犬は庭につないで家の番をさせるために飼うもの、猫はネズミ捕りをさせるために飼うもの。そのような考え方をしていたのも、今は昔の話で、現在は動物愛護後進国と揶揄されることのある日本でも、家族の一員としてペットを迎える人が増えてきました。

しかし、その一方で問題となっているのが、あまりにも距離が縮まったことにより、ペットの病気が人間に伝染る“ズーノーシス”の恐怖です。

犬や猫以外にも、ウサギやハムスター、鳥からもうつるものがあるズーノーシスの中から、特に危険なものを13種類紹介していきます。

 

動物と人間の共通感染症・ズーノーシスとは?

人間と動物の共通感染症の歴史は深く、人が家畜の飼育を開始した時から現在に至るまで、ずっと問題視されていたと言います。

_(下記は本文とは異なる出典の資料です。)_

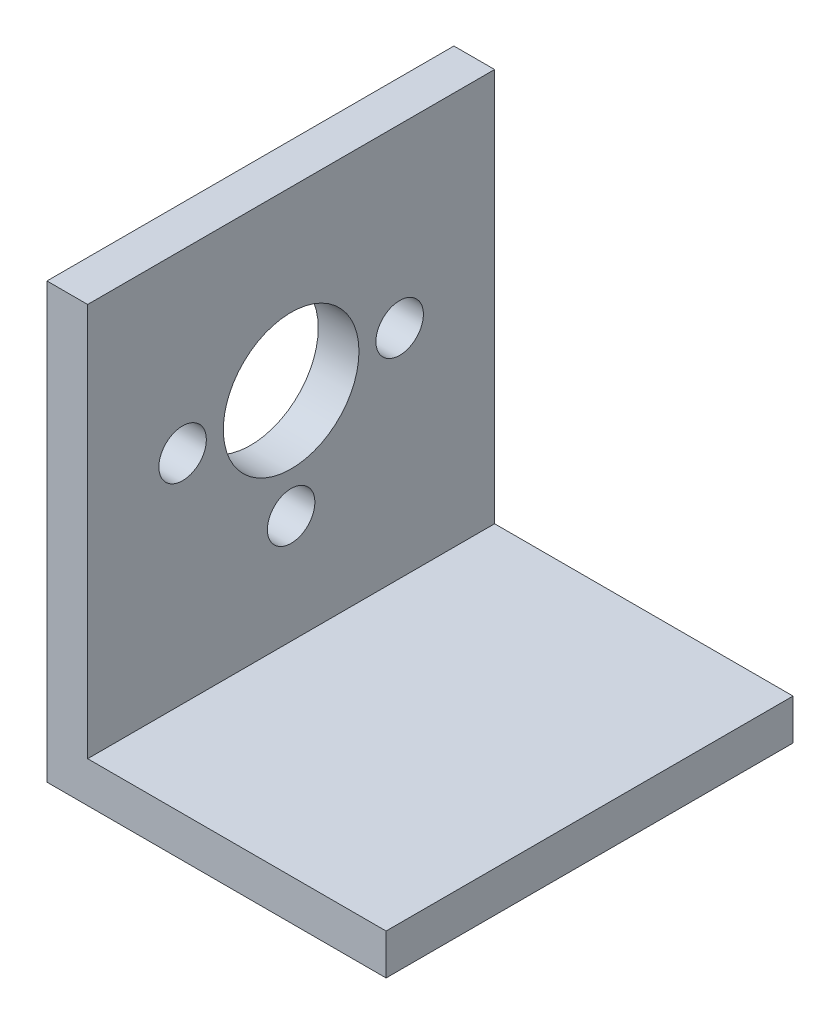
SolidWorks part; units mm, degrees
ref_plane "Front Plane" through (0, 0, 0) normal (0, 0, 1) x (1, 0, 0)
ref_plane "Top Plane" through (0, 0, 0) normal (0, 1, 0) x (1, 0, 0)
ref_plane "Right Plane" through (0, 0, 0) normal (1, 0, 0) x (0, 0, -1)
sketch "Sketch1" plane through (0, 0, 0) normal (0, 0, 1) x (1, 0, 0)
  line L0 (-7.8975, 31.3476) -> (-7.8975, 2.3476)
  line L1 (-7.8975, 2.3476) -> (14.1025, 2.3476)
  line L2 (14.1025, 2.3476) -> (14.1025, -0.6524)
  line L3 (14.1025, -0.6524) -> (-10.8975, -0.6524)
  line L4 (-10.8975, -0.6524) -> (-10.8975, 31.3476)
  line L5 (-10.8975, 31.3476) -> (-7.8975, 31.3476)
  dimension "D1" = 3
  dimension "D2" = 3
  dimension "D3" = 32
  dimension "D4" = 25
extrude "Boss-Extrude1" add sketch "Sketch1" along normal blind 30
hole_wizard "Hole for M5 300® SC Nuts (SP)1" positions "Sketch2" profile "Sketch3" hole size "M5x0.8" standard "PEM® Metric" end condition through all
sketch "Sketch2" plane through (-7.8975, 0, 0) normal (1, 0, 0) x (0, 0, -1)
  line L0 (-30, -0.6524) -> (0, -0.6524) construction
  line L1 (0, 2.3476) -> (0, 31.3476) construction
  point P0 (-15, 18.3476)
  dimension "D1" = 19
  dimension "D2" = 15
sketch "Sketch3" plane through (-7.8975, 18.3476, 15) normal (0, 1, 0) x (0, 0, -1)
  line L0 (0, 0) -> (0, 3)
  line L1 (0, 3) -> (5, 3)
  line L2 (5, 3) -> (5, 0)
  line L5 (5, 0) -> (0, 0)
  line L11 (0, -6.35) -> (0, 107.95) construction
  dimension "Thru Hole Dia." = 10
  dimension "Thru Hole Depth" = 3
hole_wizard "Hole for M5 300® SC Nuts (SP)2" positions "Sketch4" profile "Sketch5" hole size "M5x0.8" standard "PEM® Metric" end condition through all
sketch "Sketch4" plane through (-7.8975, 0, 0) normal (1, 0, 0) x (0, 0, -1)
  line L0 (-30, -0.6524) -> (0, -0.6524) construction
  line L1 (0, 2.3476) -> (0, 31.3476) construction
  circle A1 centre (-15, 18.3476) radius 5 construction
  point P0 (-7, 18.3476)
  point P2 (-23, 18.3476)
  point P4 (-15, 10.3476)
  dimension "D4" = 8
  dimension "D1" = 19
  dimension "D2" = 8
  dimension "D3" = 16
  dimension "D5" = 15
sketch "Sketch5" plane through (-7.8975, 18.3476, 7) normal (0, 1, 0) x (0, 0, -1)
  line L0 (0, 0) -> (0, 3)
  line L1 (0, 3) -> (1.75, 3)
  line L2 (1.75, 3) -> (1.75, 0)
  line L5 (1.75, 0) -> (0, 0)
  line L11 (0, -6.35) -> (0, 107.95) construction
  dimension "Thru Hole Dia." = 3.5
  dimension "Thru Hole Depth" = 3

その歴史は、犬が最も古くて2万年前から、牛が1万年前、豚が8000年前、鶏が5000年前からです。しかし、昔は動物の病気が人間にうつるという認識が無かったことから、悪魔の祟りなどで突然具合が悪くなると考えられていました。

人間と動物の間に共通で感染する病気があるというとに初めて着目したのは、イギリスの医師のジェンナーでした。

1796年にジェンナーは、当時猛威を振るっていた天然痘が、牛の病気である牛痘と関係があると考えました。そして、牛痘を用いて天然痘のワクチンを作ったことが、予防接種の始まりとされます。

これにより天然痘による死亡率は大きく低下し、多くの命が救われました。そして、動物から人間に感染する病気があると知られるようになりました。

現在、確認できているだけで人間と動物の共通感染症・ズーノーシスは、837種もあり、その中で危険度が高いものだけでも122種~166種もあると言われています。

そして日本国内でも、その半数の80種前後が問題視されているのです。

 

ペットからうつる危険な病気① ブルセラ症

ブルセラ症は、ペットの犬や家畜から感染する共通感染症です。羊やヤギ>牛>豚>犬の順番で、病原性が強くなります。

犬のブルセラ症が人に感染しても、症状が現れないこともありますが、症状が出る時は1~3週間後、潜伏期間が長い時には数ヶ月後に突然発熱します。

風邪のように体の怠さを伴う症状が2週間~3週間、長い時では数ヶ月も続くとされます。そして、症状が重い場合は極度の倦怠感から、鬱状態になることもあるそうです。また、1回感染すると菌が細胞の中に入り込み、薬が効きにくくなると言います。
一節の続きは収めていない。